I want to thank everyone as well for the recent strip, I think it's established that not only do we need Ghost shirt ASAP, we also have a catchphrase for him for the back. I'm planning a slight redesign soon, which I hope will include setting up the CafePress store (finally.) My money is riding on "two days" as the length of time they'll allow me to sell shirts with pictures of the Ghost of Adolf Hitler on them. So I'll let you know as soon as the store opens before I get raided.
And now, some choice e-mails filled with reading material and links for your perusal. First off, from Tim Hopton on Bill O'Reilly's phony book stats:
I just read your post on Blowhard O'Reilly's factless claims regarding his book (via Tom Tomorrow). I don't know about other best seller lists, but the NY Times denotes 'bulk sales' with a dagger (actually it looks more like a cross), as seen next to Zell Miller's new book at number 14. Somehow I doubt the DNC is running out & buying Zell's book in bulk quantities, so I wonder who... Ann Coulter is another one who's books almost always have the bulk sales dagger. Ann even cops to it saying groups buy her books to hand out at speaking engagements & the like. Will O'Reilly hold Coulter to the same standard he sets for Hillary (whose book never had the dagger)? Will Bill say that those sales of Coulters bulk book sales "don't count"? Unlikely.Guess what? People still don't like Rush Limbaugh either. From P. F. Romero:
I did the worst thing I could ever do today... I listened to 3 minutes of ruushkie limbaugh today. I know, I know... what a dumb thing to do, but I always think I can jsut listen and observe and not have it effect me, but you know, fools rush in... hohohoI think we can all agree after reading P.F.'s e-mail that giving him airtime on talk radio would be a rather enjoyable experience. With the exception, of course, for drive time, in which case we would see an increase in auto accidents that rivals Rush Hour in L.A.

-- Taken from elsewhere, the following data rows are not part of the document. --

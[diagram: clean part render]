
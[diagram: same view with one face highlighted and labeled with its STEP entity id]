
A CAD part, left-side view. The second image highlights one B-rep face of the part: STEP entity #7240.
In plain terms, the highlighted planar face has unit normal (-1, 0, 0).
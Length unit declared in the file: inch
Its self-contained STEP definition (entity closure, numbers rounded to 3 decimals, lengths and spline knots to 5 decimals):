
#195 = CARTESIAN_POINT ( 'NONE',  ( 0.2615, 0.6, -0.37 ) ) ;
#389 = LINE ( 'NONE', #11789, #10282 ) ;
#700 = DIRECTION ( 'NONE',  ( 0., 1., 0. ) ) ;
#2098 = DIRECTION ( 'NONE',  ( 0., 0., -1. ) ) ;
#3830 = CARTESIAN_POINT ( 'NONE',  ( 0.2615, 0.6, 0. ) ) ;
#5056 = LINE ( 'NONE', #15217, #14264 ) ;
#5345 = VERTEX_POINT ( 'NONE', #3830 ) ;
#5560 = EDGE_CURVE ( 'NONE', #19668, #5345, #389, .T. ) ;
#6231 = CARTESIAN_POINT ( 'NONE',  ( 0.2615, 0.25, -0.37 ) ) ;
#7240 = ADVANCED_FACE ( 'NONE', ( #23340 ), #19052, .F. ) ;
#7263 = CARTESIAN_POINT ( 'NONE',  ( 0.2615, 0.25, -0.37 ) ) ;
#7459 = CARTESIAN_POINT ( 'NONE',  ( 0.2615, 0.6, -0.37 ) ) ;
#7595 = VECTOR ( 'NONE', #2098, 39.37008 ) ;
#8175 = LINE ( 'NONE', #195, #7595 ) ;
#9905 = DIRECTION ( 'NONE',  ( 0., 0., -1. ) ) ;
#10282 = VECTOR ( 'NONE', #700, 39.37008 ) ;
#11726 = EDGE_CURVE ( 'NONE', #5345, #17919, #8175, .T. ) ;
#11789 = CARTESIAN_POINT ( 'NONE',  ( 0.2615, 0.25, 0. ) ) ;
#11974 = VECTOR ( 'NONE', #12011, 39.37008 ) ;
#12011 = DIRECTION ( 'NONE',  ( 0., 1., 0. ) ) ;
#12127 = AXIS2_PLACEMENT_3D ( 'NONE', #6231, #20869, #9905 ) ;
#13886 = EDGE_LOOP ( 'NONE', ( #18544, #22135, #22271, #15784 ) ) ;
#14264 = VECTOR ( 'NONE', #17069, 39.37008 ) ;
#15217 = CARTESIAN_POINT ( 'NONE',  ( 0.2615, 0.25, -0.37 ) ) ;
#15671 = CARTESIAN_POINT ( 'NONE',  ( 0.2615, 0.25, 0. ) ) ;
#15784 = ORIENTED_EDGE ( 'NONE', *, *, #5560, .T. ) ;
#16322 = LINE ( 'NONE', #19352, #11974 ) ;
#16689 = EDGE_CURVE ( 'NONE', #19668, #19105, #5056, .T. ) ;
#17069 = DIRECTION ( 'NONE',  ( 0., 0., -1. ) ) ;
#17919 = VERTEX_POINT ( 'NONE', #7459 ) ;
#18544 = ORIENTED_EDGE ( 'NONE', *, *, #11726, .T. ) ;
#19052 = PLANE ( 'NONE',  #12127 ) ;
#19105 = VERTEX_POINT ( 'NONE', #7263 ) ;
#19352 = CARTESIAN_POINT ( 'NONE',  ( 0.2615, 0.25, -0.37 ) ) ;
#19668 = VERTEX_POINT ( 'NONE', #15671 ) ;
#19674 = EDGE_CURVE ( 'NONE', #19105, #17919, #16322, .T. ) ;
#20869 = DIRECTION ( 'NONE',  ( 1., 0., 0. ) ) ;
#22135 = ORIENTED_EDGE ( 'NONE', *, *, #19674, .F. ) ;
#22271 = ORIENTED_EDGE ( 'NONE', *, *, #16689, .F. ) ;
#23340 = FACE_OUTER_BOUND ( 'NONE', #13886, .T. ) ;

If you're ever bored, you can read it otherwise just nod and smile and go "oh yeah, read it, loved it, whatever... who are you again?"
He was saying how phoney the Dems were for flipping flapjacks like they're real people when we all know they are elitists. Although he didn't say itin the 3 minutes I could stomache hearing him, he implied that Bush would never do that, when bush did his grocery store photo opt and didn't know what ascanner was... THAT was bush just happened to walk in to the grocery store and... and he never elaborated on how that was different than being part of a pancake contest or whatever it was.
Then he talks about the imfamous "how much is the price of milk" question that h.w. bush had to endure. which of course was totally unfair of the media to ask that. for example, rush doesn't know the price of milk, he doesn't drink it, there are no children in his house to drink it (what with his wife being baren after rush's oxycontin stained seed has slashed and burned it's way into his trophy wife's uterus) BUT he then went on to talk about how much a g4 and g5 airplane cost ("depending on how you decorate it - whether you have satalite on it or not") and he can tell you all the different things you need to know about the price of an "estate" (his word) in palm beach.
thanks rush, for being a man of the people. big thumbs up, dude!
gawd!!! it pisses me off, these right wing-nut jobs out there spilling their lies and the trailorbillies of the nation jsut swallow it up. "more stanking cum, rush, try getting it in my eye next time!"
Someone should sue these gasholes for reporting fictitious news. or make them put a disclaimer on their shows "facts may or may not be accurate - for entertainment purposes only".
Here's a bit i'm gonna try tonight if i get on stage, a new game show i call "Rush to anger"
contestant one: "rush can piss me off in 5 minutes."
contestant two: "rush can piss me off in 4 minutes"
contestant one: "rush can piss me off in 3 minutes and 35 seconds"
contestant two: "rush can piss me off in two and a half minutes!"
contestant one: "turn on that radio!!!"
then he listens and spaz'es out smashing the set and ranting over the stupidity.
Then the ydo classic rush, which is harder because its tougher to get angery with the past since most americans have no concepot that history is actually the near past as well as th far past.
anyway, I wish I had FOX news just to watch bill spin out. Al Franken rocks to put some oil under Oliar's wheels to make him start spinning out like a crazed disfigured monkey trying to peel plastic banana.
I so want a radio talk show and jsut spend it going throug hall the false hoods of the conservative radio shows. that would fill up a few hours, dontcha think?
I remembered that Sean Penn did some coverage for the media in Iraq, and Phillip Pangrac was the first to clue me in on Penn's latest report from the Middle East. It's worth a read, and if it doesn't meet your liking, you can always go see Mystic River, which, irrelevant to Iraq as mentioning this is, is fantastic.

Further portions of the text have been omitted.